The headline number was great. Of those jobs, private employment was up to 273,000 from 202,000, while government employment returned to a positive 12,000 after being largely negative for years. If this significant shift continues, employment could climb even further above the relatively low levels of the past couple of years.

The strong gain led to a decline in the unemployment rate, from 6.7 percent to 6.3 percent. The underemployment rate, which is a better indicator of the labor market as a whole, also dropped by the same amount, from 12.7 percent to 12.3 percent. Overall, very positive.

As always, though, it pays to look deeper into the data, and some of the details aren’t as encouraging. Average hourly wages were flat for the month, while the year-on-year wage growth number ticked down a bit, to 1.9 percent. (All the new workers aren’t getting much of a raise.) One of the reasons the unemployment rate dropped so much was that over 800,000 people reportedly left the labor force, which more than reverses the 500,000 gain in March and may suggest a lack of confidence.

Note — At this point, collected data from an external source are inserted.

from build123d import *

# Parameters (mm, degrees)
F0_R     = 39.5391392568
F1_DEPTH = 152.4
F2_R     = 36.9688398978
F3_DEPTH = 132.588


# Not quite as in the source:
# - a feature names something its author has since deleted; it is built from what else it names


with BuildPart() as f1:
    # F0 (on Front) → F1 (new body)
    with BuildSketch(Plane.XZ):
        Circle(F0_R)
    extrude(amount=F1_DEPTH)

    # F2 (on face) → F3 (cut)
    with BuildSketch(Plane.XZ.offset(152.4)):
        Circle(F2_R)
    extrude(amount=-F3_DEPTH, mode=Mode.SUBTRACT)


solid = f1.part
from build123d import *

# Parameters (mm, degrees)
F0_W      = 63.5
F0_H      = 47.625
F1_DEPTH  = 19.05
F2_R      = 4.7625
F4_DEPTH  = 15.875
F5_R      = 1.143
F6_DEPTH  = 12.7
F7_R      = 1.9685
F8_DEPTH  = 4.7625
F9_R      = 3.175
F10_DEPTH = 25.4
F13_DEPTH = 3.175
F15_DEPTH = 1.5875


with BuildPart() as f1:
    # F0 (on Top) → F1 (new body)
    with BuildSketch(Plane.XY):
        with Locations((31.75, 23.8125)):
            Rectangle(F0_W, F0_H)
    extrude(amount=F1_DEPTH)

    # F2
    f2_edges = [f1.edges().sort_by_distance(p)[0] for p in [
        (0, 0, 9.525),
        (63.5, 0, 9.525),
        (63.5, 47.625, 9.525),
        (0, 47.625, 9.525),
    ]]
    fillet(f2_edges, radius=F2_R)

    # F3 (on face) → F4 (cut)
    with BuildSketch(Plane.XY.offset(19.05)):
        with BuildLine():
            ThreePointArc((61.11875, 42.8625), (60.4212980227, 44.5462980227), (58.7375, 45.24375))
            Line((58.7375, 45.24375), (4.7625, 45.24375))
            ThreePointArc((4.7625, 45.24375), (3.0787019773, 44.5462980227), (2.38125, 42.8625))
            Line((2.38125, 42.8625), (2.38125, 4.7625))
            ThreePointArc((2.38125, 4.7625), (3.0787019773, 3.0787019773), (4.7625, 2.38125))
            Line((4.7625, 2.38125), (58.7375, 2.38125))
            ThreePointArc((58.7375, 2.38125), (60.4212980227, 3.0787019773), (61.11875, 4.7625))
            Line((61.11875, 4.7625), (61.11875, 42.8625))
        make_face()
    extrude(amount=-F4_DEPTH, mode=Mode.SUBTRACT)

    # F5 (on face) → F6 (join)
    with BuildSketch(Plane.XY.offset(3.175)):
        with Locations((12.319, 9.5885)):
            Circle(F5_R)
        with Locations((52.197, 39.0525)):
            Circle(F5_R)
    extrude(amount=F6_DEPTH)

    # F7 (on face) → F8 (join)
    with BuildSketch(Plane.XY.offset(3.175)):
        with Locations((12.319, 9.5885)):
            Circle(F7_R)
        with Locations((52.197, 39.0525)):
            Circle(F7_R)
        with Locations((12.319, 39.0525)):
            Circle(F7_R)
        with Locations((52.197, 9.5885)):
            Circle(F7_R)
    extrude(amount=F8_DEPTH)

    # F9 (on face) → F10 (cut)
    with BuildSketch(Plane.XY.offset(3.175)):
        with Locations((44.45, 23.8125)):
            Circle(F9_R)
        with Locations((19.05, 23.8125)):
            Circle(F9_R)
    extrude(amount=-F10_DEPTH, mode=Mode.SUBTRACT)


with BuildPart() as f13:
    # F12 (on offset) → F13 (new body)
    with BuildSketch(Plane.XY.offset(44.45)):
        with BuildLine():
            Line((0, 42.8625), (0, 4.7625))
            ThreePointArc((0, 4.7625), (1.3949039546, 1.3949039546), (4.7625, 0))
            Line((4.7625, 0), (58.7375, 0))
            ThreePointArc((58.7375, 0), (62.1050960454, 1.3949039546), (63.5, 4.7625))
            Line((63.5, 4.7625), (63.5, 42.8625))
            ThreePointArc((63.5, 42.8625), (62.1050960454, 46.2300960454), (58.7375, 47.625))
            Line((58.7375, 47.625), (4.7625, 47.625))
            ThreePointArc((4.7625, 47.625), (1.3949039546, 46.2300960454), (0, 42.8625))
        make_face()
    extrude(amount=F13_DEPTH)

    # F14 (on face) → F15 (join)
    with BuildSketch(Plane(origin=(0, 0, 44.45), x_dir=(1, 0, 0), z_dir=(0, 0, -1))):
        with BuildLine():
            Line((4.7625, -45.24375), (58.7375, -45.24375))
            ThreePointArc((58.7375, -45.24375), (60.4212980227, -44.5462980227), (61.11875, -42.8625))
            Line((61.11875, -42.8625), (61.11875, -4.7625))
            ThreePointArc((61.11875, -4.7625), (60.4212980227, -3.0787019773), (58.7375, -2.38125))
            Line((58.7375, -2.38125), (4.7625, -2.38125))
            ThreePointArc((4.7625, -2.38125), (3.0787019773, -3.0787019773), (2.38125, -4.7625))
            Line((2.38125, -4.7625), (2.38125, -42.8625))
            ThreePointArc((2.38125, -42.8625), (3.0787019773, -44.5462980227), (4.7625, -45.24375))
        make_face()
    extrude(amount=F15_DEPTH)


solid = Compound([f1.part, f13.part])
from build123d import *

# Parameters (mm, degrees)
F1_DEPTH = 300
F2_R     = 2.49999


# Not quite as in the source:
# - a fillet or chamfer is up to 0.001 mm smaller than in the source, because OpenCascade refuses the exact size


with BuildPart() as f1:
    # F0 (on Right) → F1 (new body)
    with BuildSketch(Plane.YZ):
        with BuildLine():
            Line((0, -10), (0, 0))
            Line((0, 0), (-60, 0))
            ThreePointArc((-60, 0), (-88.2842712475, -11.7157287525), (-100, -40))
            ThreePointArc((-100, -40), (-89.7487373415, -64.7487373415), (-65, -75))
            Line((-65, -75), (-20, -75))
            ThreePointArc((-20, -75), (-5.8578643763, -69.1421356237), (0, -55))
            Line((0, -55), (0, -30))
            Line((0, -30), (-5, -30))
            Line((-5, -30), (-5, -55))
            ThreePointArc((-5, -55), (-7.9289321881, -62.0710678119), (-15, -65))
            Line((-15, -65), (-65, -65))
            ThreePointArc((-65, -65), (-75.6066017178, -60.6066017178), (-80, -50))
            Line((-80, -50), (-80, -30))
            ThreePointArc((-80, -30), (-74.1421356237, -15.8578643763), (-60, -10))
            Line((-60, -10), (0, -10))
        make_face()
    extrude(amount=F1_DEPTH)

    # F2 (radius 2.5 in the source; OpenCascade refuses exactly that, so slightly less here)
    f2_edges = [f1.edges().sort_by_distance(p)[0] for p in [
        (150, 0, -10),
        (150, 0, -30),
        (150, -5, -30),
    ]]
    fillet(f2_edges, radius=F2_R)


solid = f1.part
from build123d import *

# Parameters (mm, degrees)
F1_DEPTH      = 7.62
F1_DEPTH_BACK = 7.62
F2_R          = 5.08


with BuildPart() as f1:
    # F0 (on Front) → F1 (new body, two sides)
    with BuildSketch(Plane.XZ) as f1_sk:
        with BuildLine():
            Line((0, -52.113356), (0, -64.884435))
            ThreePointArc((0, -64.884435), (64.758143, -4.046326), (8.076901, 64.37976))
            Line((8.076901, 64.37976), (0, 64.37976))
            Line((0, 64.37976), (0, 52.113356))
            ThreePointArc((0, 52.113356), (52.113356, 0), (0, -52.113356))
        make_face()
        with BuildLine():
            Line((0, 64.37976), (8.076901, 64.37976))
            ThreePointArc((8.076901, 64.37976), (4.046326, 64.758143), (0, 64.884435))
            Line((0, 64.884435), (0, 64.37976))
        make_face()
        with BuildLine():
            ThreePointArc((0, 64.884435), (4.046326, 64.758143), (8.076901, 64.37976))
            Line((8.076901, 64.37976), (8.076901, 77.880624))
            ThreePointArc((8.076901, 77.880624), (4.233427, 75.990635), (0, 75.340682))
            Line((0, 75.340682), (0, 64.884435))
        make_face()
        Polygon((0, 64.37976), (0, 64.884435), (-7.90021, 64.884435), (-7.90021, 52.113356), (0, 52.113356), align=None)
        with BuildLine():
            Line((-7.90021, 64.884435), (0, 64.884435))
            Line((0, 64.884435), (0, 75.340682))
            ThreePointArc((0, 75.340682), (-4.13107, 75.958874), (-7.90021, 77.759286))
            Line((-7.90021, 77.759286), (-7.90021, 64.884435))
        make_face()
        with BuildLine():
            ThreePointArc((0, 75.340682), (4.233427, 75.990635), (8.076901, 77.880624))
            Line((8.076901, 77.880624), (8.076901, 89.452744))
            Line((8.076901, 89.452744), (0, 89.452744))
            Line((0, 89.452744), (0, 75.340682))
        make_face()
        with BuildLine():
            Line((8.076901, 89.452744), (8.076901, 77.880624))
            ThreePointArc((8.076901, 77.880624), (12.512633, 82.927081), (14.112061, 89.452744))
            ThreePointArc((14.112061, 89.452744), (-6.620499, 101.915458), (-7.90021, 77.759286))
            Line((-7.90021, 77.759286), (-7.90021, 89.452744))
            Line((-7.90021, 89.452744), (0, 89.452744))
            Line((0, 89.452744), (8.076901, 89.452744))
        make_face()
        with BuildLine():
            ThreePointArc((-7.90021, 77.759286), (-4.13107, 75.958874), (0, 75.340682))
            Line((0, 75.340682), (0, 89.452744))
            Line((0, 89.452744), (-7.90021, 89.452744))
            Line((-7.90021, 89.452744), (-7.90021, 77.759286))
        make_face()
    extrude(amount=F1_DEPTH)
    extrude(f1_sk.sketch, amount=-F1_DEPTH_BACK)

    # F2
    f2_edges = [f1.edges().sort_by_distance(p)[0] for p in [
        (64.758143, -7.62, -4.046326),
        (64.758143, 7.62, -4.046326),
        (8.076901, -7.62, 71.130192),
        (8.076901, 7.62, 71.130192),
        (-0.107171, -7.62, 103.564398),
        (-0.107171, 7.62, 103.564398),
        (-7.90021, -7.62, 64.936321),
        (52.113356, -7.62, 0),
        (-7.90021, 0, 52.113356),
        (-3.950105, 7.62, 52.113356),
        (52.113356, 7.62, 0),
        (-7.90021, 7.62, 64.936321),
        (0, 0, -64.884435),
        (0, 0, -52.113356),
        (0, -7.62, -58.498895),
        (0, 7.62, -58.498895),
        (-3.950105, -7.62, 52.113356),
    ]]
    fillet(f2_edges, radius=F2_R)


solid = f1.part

Even given these caveats, though, the report was quite good overall. The drop in the labor force, for example, coincides with an increase in retirements and only partially erases the gain of 1.5 million over the previous six months. While wages remained the same, the average hours worked figure stayed at high levels, suggesting that labor demand remains high and that job gains are likely to continue.

This is exactly the acceleration of the recovery that I’ve been talking about, and it’s something of a relief to see the incoming data support that idea. The snowdown could have begun to destroy confidence, but clearly it hasn’t. I expect the recovery to continue, and, as the newly employed start to spend, even accelerate more.